[Opening Records for this exercise section]

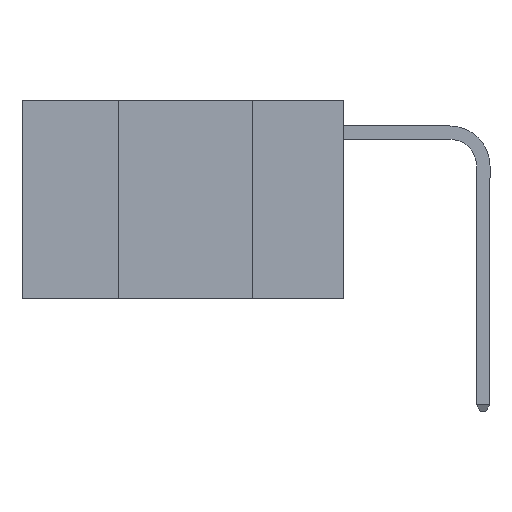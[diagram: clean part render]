
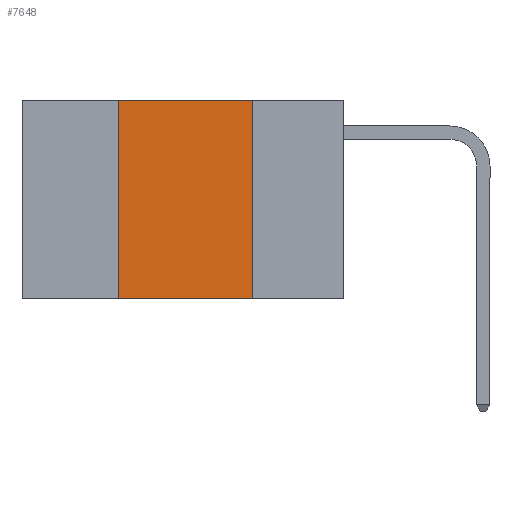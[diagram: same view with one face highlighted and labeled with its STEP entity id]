
A CAD part, left-side view. The second image highlights one B-rep face of the part: STEP entity #7648.
In plain terms, the highlighted planar face has unit normal (-1, 0, 0).
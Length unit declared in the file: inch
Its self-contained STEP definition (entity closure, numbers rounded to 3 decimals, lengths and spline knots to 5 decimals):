
#491 = LINE ( 'NONE', #4671, #6997 ) ;
#499 = CARTESIAN_POINT ( 'NONE',  ( 0., 0.17, 0. ) ) ;
#954 = EDGE_CURVE ( 'NONE', #13265, #8204, #11064, .T. ) ;
#1446 = DIRECTION ( 'NONE',  ( 0., 0., -1. ) ) ;
#1845 = VERTEX_POINT ( 'NONE', #6574 ) ;
#2454 = DIRECTION ( 'NONE',  ( 0., 0., 1. ) ) ;
#2527 = VERTEX_POINT ( 'NONE', #16436 ) ;
#2536 = ORIENTED_EDGE ( 'NONE', *, *, #12013, .F. ) ;
#2564 = EDGE_CURVE ( 'NONE', #13265, #1845, #491, .T. ) ;
#3206 = LINE ( 'NONE', #499, #12677 ) ;
#4671 = CARTESIAN_POINT ( 'NONE',  ( 0., 0.42, 0. ) ) ;
#5473 = FACE_OUTER_BOUND ( 'NONE', #10889, .T. ) ;
#6574 = CARTESIAN_POINT ( 'NONE',  ( 0., 0.42, 0. ) ) ;
#6608 = PLANE ( 'NONE',  #12908 ) ;
#6782 = ORIENTED_EDGE ( 'NONE', *, *, #2564, .F. ) ;
#6997 = VECTOR ( 'NONE', #2454, 39.37008 ) ;
#7648 = ADVANCED_FACE ( 'NONE', ( #5473 ), #6608, .F. ) ;
#8204 = VERTEX_POINT ( 'NONE', #10347 ) ;
#8653 = CARTESIAN_POINT ( 'NONE',  ( 0., 0.6, 0. ) ) ;
#9194 = DIRECTION ( 'NONE',  ( 1., 0., 0. ) ) ;
#9948 = DIRECTION ( 'NONE',  ( 0., -1., 0. ) ) ;
#10139 = CARTESIAN_POINT ( 'NONE',  ( 0., 0.42, -0.37 ) ) ;
#10347 = CARTESIAN_POINT ( 'NONE',  ( 0., 0.17, -0.37 ) ) ;
#10889 = EDGE_LOOP ( 'NONE', ( #12430, #2536, #6782, #13605 ) ) ;
#11064 = LINE ( 'NONE', #16030, #14825 ) ;
#11558 = VECTOR ( 'NONE', #9948, 39.37008 ) ;
#11721 = LINE ( 'NONE', #8653, #11558 ) ;
#12013 = EDGE_CURVE ( 'NONE', #1845, #2527, #11721, .T. ) ;
#12430 = ORIENTED_EDGE ( 'NONE', *, *, #13642, .F. ) ;
#12677 = VECTOR ( 'NONE', #13440, 39.37008 ) ;
#12908 = AXIS2_PLACEMENT_3D ( 'NONE', #13023, #9194, #1446 ) ;
#12931 = DIRECTION ( 'NONE',  ( 0., -1., 0. ) ) ;
#13023 = CARTESIAN_POINT ( 'NONE',  ( 0., 0.6, 0. ) ) ;
#13265 = VERTEX_POINT ( 'NONE', #10139 ) ;
#13440 = DIRECTION ( 'NONE',  ( 0., 0., -1. ) ) ;
#13605 = ORIENTED_EDGE ( 'NONE', *, *, #954, .T. ) ;
#13642 = EDGE_CURVE ( 'NONE', #2527, #8204, #3206, .T. ) ;
#14825 = VECTOR ( 'NONE', #12931, 39.37008 ) ;
#16030 = CARTESIAN_POINT ( 'NONE',  ( 0., 0.6, -0.37 ) ) ;
#16436 = CARTESIAN_POINT ( 'NONE',  ( 0., 0.17, 0. ) ) ;

[Closing Records for this exercise section]

#### What is needed
From the records above, reproduce exactly the lines from the one with "#3206 = LINE ( 'NONE', #499, #12677 ) ;" to the one with "#9948 = DIRECTION", both included, and no others.

#### The completed task
#3206 = LINE ( 'NONE', #499, #12677 ) ;
#4671 = CARTESIAN_POINT ( 'NONE',  ( 0., 0.42, 0. ) ) ;
#5473 = FACE_OUTER_BOUND ( 'NONE', #10889, .T. ) ;
#6574 = CARTESIAN_POINT ( 'NONE',  ( 0., 0.42, 0. ) ) ;
#6608 = PLANE ( 'NONE',  #12908 ) ;
#6782 = ORIENTED_EDGE ( 'NONE', *, *, #2564, .F. ) ;
#6997 = VECTOR ( 'NONE', #2454, 39.37008 ) ;
#7648 = ADVANCED_FACE ( 'NONE', ( #5473 ), #6608, .F. ) ;
#8204 = VERTEX_POINT ( 'NONE', #10347 ) ;
#8653 = CARTESIAN_POINT ( 'NONE',  ( 0., 0.6, 0. ) ) ;
#9194 = DIRECTION ( 'NONE',  ( 1., 0., 0. ) ) ;
#9948 = DIRECTION ( 'NONE',  ( 0., -1., 0. ) ) ;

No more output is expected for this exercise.